We can see that you have a good understanding of what you are trying to do.
In our opinion the Cross Spectrum is a step in the correct direction, but you should go one step further and calculate the Coherence between each vibration source and the microphone response, you can do this very easily with a software package like DATS.
To actually rank each vibration with respect to the microphone you should consider something like the Source Contribution Package, again as part of DATS.
The Source Contribution Analysis uses a method called Singular Value Decomposition. The Singular Value Decomposition computation produces an eigenvector matrix, this matrix is used to derive the cross spectra between the vibration references and the measured sound response. These cross spectra are then used to calculate the Reference Related Auto spectra at the response position. Each Reference Related Auto spectrum is related to the coherent contributions from the particular references and source input.
If you would like to discuss this further please feel free to contact us directly.
Going back to Paul’s hypothetical situation. Suppose that the accellerometers are measuring the start of an event that will be producing the noise that is being measured, but that there is no real reason to expect there to be any frequency correlation between them, would any conventional analysis work then?
For example, if you have 5 drums and a lightbeam sensor for each drum that triggered just before the drumstick hit each one, and that the drums are being hit in a regular sequence. How might one analyse the data (one mic channel and 5 drumstick sensors) to determine which drum was loudest/highest-pitch etc?
Hi Andy,
Thanks for asking a question on our blog.
I think there is some difference between your question and Pauls.
In Paul’s case the vibration responses are all related.
In your case they are not.
Therefore the same analysis would not apply.
I think you are trying to find which drum gives a certain frequency response when hit. The easiest thing to do would be to use a microphone, mounted about the drums and hit each drum in sequence. Starting and stopping a data capture for each drum. Then simply frequency analyse each of these data captures. You might need to do it several times to build up an average for each drum as you may hit it differently each time.
This will give you the full frequency spectrum for each drum.
You wouldn’t need any accelerometers at all.
Sorry, perhaps I took my analagous situation too far. This is actually exactly the same question as Paul’s, but we have a slightly different conception of the nature of the data.
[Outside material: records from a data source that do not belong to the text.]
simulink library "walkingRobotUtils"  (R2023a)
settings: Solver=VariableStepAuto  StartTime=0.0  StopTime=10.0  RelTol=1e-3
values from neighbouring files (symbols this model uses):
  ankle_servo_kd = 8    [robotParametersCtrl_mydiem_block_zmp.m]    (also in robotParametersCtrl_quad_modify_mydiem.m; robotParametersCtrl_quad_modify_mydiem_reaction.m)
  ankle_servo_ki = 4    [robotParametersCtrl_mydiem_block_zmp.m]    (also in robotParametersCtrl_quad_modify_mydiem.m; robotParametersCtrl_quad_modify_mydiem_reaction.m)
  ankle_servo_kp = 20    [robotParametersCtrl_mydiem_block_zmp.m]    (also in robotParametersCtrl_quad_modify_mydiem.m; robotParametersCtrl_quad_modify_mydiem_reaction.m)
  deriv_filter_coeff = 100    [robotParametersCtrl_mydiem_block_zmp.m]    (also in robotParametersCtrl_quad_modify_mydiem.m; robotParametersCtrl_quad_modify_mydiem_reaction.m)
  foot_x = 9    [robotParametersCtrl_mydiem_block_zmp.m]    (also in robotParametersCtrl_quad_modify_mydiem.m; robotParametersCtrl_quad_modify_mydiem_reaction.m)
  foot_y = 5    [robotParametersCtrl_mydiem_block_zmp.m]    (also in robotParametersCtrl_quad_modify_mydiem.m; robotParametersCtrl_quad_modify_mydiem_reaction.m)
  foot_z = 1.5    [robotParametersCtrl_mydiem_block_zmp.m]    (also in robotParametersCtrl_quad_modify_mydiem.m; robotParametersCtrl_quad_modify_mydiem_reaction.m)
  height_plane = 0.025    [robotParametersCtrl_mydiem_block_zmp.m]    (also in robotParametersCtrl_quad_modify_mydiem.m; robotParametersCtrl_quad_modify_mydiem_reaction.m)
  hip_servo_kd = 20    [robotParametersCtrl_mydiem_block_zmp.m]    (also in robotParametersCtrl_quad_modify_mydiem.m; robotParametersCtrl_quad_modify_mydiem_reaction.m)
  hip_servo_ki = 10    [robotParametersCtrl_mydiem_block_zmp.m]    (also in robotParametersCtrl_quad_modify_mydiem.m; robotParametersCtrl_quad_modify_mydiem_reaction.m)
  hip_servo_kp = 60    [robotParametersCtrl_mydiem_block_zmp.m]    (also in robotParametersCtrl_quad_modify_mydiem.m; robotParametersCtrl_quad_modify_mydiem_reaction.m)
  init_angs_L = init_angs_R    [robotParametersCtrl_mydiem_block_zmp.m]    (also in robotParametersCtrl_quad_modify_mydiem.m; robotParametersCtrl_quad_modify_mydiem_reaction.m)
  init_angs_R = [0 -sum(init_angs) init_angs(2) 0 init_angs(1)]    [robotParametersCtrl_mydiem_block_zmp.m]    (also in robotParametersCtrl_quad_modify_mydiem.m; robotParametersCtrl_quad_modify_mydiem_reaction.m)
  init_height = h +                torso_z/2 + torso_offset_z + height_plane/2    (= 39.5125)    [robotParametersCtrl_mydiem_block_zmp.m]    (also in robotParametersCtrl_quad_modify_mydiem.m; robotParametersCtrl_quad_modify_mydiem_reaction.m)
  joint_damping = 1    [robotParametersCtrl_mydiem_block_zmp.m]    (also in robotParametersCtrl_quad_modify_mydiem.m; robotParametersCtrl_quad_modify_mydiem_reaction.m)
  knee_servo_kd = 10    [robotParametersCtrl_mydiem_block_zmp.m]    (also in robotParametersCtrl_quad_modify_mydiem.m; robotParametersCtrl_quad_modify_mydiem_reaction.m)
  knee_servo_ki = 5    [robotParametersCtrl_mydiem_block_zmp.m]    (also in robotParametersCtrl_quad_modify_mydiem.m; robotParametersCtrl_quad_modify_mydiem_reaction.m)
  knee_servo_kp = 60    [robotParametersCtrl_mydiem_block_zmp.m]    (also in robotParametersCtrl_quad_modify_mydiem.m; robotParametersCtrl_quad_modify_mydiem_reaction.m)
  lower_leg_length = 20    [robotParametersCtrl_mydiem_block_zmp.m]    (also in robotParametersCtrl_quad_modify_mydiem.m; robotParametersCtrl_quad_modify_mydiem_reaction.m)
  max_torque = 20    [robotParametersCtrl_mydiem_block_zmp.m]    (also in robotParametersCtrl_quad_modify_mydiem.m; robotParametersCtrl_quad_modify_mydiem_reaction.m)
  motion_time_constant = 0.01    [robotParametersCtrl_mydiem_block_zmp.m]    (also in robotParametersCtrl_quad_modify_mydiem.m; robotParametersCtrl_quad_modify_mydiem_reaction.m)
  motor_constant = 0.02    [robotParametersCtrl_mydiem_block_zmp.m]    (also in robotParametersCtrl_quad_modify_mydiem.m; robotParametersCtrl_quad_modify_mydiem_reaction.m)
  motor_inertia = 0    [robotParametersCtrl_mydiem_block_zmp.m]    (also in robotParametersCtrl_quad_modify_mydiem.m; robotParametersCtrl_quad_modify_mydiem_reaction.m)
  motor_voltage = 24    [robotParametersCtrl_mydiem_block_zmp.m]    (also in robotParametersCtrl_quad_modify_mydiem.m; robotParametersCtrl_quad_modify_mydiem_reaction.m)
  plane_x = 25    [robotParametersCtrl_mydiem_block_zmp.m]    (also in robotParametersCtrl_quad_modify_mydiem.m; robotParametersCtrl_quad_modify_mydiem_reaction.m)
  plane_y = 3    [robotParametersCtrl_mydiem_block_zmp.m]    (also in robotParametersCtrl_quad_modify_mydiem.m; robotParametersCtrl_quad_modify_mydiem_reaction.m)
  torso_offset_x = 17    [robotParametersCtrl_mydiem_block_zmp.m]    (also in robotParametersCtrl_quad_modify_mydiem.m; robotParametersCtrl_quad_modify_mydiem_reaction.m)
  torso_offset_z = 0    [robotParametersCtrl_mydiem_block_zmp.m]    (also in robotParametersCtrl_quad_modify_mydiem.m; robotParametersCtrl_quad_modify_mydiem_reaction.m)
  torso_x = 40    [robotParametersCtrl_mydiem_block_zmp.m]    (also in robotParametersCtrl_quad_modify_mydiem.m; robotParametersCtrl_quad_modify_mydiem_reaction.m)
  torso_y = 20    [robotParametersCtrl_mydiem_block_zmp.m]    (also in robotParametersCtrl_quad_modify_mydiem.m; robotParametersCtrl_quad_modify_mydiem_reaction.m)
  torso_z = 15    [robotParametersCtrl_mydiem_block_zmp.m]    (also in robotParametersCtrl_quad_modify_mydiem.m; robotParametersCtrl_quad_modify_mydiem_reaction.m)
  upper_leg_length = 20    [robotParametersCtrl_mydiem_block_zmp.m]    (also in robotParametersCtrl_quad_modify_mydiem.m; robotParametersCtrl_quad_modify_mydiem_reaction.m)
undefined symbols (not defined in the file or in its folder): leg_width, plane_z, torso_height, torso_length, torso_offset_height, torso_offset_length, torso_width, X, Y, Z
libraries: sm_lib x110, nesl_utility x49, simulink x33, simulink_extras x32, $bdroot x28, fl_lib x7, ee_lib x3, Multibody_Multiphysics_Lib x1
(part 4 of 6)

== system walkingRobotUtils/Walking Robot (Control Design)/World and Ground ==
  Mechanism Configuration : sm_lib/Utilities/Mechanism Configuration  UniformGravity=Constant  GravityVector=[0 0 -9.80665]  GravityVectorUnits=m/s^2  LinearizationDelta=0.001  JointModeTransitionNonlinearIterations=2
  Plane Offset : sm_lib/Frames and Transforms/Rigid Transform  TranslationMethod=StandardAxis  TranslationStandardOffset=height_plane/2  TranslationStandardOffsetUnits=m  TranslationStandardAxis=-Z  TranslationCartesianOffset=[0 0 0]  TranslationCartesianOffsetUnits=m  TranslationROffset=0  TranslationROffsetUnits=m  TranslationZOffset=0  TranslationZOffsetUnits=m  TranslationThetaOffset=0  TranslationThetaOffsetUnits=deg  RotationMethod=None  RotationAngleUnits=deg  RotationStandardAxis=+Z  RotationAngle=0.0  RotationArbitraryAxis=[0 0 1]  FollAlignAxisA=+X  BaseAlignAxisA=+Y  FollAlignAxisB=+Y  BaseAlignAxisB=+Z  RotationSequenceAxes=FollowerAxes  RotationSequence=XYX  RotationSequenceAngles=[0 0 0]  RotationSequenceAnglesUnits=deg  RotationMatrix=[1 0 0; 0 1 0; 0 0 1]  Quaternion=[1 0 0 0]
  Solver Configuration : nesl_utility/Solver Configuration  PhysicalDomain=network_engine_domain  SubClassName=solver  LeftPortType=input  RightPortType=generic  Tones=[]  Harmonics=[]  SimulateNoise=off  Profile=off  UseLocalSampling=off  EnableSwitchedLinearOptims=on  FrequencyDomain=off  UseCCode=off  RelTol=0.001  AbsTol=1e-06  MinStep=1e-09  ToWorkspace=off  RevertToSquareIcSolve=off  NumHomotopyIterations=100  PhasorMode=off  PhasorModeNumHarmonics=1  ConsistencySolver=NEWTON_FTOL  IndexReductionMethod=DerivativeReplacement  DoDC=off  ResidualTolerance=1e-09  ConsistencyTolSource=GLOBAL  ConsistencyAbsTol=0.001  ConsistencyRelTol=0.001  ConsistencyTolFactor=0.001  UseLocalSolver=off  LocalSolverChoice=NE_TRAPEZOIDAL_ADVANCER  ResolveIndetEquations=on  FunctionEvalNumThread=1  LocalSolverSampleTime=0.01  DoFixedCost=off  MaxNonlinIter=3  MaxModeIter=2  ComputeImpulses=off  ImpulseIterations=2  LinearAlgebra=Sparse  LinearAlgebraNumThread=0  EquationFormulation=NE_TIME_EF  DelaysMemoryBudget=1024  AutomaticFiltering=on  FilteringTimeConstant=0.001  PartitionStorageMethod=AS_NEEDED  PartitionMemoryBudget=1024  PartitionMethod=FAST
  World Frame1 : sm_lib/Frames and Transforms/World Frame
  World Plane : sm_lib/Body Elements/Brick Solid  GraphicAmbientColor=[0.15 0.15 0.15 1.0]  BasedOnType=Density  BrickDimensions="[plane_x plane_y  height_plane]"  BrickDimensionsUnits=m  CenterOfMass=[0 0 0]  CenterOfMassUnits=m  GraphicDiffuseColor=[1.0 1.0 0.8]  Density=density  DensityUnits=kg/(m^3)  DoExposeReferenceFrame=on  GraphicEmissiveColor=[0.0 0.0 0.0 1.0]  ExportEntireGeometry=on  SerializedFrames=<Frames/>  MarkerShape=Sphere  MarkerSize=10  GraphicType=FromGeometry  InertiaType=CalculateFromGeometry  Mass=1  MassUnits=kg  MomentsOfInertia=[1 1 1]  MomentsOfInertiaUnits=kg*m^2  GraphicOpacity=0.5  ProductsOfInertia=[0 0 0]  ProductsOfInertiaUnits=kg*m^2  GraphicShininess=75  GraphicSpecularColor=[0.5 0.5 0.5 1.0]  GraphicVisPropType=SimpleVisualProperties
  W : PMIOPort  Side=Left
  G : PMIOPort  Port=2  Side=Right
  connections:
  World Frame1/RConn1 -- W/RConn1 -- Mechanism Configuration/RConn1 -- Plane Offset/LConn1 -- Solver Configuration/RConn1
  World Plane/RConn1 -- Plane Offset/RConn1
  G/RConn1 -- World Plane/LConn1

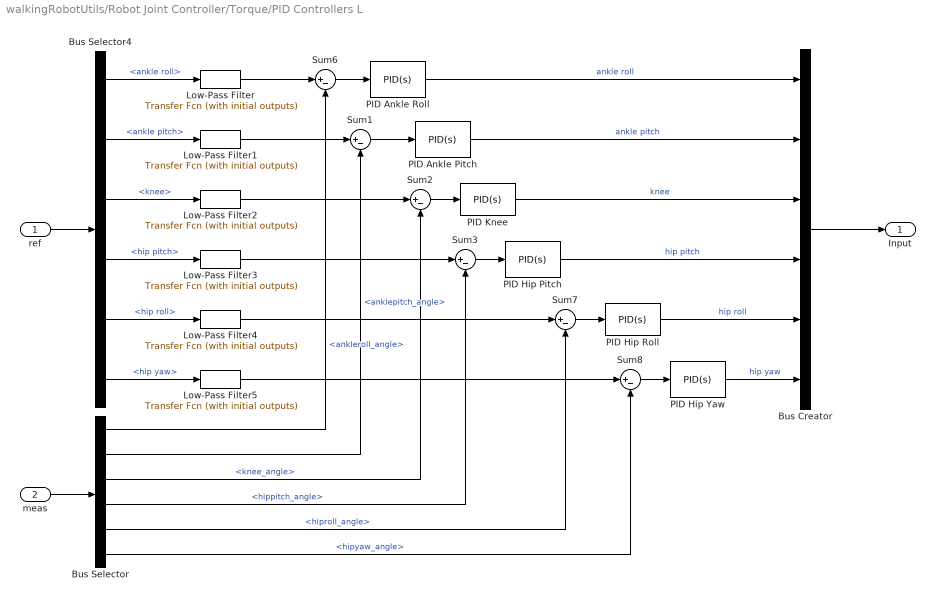
== system walkingRobotUtils/Robot Joint Controller/Torque/PID Controllers L ==
  ref : Inport
  meas : Inport  Port=2
  Bus Creator : BusCreator  Inputs=6
  Bus Selector : BusSelector  OutputSignals=ankleroll_angle,anklepitch_angle,knee_angle,hippitch_angle,hiproll_angle,hipyaw_angle
  Bus Selector4 : BusSelector  OutputSignals=ankle roll,ankle pitch,knee,hip pitch,hip roll,hip yaw
  Low-Pass Filter : simulink_extras/Additional Linear/Transfer Fcn (with initial outputs)  N=[(1/motion_time_constant)^2]  D=[1 2/motion_time_constant (1/motion_time_constant)^2]  Y0=init_angs_L(6)  U0=init_angs_L(6)
  Low-Pass Filter1 : simulink_extras/Additional Linear/Transfer Fcn (with initial outputs)  N=[(1/motion_time_constant)^2]  D=[1 2/motion_time_constant (1/motion_time_constant)^2]  Y0=init_angs_L(5)  U0=init_angs_L(5)
  Low-Pass Filter2 : simulink_extras/Additional Linear/Transfer Fcn (with initial outputs)  N=[(1/motion_time_constant)^2]  D=[1 2/motion_time_constant (1/motion_time_constant)^2]  Y0=init_angs_L(4)  U0=init_angs_L(4)
  Low-Pass Filter3 : simulink_extras/Additional Linear/Transfer Fcn (with initial outputs)  N=[(1/motion_time_constant)^2]  D=[1 2/motion_time_constant (1/motion_time_constant)^2]  Y0=init_angs_L(3)  U0=init_angs_L(3)
  Low-Pass Filter4 : simulink_extras/Additional Linear/Transfer Fcn (with initial outputs)  N=[(1/motion_time_constant)^2]  D=[1 2/motion_time_constant (1/motion_time_constant)^2]  Y0=init_angs_L(2)  U0=init_angs_L(2)
  Low-Pass Filter5 : simulink_extras/Additional Linear/Transfer Fcn (with initial outputs)  N=[(1/motion_time_constant)^2]  D=[1 2/motion_time_constant (1/motion_time_constant)^2]  Y0=init_angs_L(1)  U0=init_angs_L(1)
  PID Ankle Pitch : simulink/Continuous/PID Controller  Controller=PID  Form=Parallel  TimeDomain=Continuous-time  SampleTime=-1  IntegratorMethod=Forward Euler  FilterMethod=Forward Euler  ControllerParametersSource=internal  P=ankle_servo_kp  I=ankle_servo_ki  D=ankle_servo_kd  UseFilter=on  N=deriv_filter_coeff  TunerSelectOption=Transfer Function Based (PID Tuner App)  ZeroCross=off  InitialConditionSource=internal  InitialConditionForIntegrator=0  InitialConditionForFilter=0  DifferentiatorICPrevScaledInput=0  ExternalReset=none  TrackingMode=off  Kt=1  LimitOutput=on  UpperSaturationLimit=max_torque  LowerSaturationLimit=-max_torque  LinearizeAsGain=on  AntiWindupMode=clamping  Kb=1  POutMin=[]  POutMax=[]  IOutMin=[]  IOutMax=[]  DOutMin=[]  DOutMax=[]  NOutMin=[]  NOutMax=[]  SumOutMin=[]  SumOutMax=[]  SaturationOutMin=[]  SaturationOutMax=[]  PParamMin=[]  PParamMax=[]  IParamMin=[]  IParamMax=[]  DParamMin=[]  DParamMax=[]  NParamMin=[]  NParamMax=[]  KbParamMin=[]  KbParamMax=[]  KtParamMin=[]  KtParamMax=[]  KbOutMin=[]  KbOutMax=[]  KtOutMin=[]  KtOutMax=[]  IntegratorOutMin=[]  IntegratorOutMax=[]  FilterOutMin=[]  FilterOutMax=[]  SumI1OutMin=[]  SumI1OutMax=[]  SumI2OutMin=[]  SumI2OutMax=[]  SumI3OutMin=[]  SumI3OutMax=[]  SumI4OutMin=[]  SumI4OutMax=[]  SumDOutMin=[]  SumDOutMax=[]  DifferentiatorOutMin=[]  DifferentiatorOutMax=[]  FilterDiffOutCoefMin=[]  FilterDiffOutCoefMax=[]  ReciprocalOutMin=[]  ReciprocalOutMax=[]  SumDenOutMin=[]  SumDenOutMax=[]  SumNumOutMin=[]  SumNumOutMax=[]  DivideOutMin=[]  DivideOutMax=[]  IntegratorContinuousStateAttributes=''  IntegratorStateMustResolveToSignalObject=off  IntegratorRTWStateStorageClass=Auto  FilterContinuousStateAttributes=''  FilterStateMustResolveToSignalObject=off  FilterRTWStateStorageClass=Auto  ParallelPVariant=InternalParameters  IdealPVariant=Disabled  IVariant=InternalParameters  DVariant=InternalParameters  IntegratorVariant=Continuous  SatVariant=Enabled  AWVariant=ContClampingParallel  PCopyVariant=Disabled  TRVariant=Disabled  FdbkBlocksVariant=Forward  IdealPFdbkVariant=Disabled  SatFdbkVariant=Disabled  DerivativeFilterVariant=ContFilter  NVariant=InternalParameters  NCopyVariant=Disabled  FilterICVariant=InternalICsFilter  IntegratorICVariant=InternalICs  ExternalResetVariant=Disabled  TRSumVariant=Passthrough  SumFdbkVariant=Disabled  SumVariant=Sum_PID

I should perhaps have chosen a better analogy, as the trigger pulses occur at 20-150Hz which would be a pretty inhuman rate of drumstick operation.
Hi Andy,
Thanks for the additional information, but I still don’t understand your application and can’t comment on it unless you can explain what your trying to do. Perhaps you could contact us directly to discuss?
I am looking for the information about the engine order, used for frequency response analysis.
We are working on frequency response Analysis for the exhaust systems, there we use different engine orders, i.e. 1st, 1.5, 2nd, 2.5 etc orders. Kindly let me know what is the actual meaning of this engine order. All I know is, its the disturbances created per rotation of the crank shaft. I need information.
- Ashujc
Hello Ashujc,
Thanks for asking a question on our blog.
An engine order is really two separate words, ‘engine’ and ‘order’
Engine is obvious but ‘order’ not so.
You could have an order of anything that rotates, not just an engine. For example wind mill blades have their own orders.
An order is the speed that something happens at.
So if a shaft is rotating at 100 times per second you would have a fundamental frequency of 100Hz. If there were two blades on opposite sides of the shaft somewhere long it’s length, this shaft they would be causing an excitation or noise at 200Hz because there is two of them. You could say the noise from the blades is a 2nd order noise of the main shaft.
The same goes for any other number. An order is the relationship to the main fundamental frequency that occurs in multiples of the fundamental.
James,
Thanks for a clear example.
Would be more useful if you could publish the parameters used by DATS.
e.g.
Sampling rate:
Anti-aliasing filter:
Number data in each FFT:
Windowing:
Ya
Hello Ya Huang,
Thank you for your feedback.
We wanted to keep the article as simple as possible, so we have kept away from any specific numbers and data, just the main principles.
If you would like to discuss in further detail, please feel free to contact us directly.
Hi James,
Your example is very instructive. However as a new comer in FRF, I could not figure out how you obtain the phase for FRF from the steps mentioned in figure 6. Obviously the division can only give a real number, which is the amplitude of FRF. Thanks.
Hello Steve,
Thank you for asking a question on our blog.
You have closely studied figure-6, which is good to read.
In figure-6 the CSD (Cross Spectral Density) is divided by the ASD (Auto Spectral Density). The CSD is a complex number, the ASD in a real number.
Any mathematics that involve a complex number will result in a complex answer, so the answer will have both a real and imaginary part or expressed differently a modulus and phase.
For example.
Where the CSD is represented by A+ iB, where A is the real part and iB the imaginary part.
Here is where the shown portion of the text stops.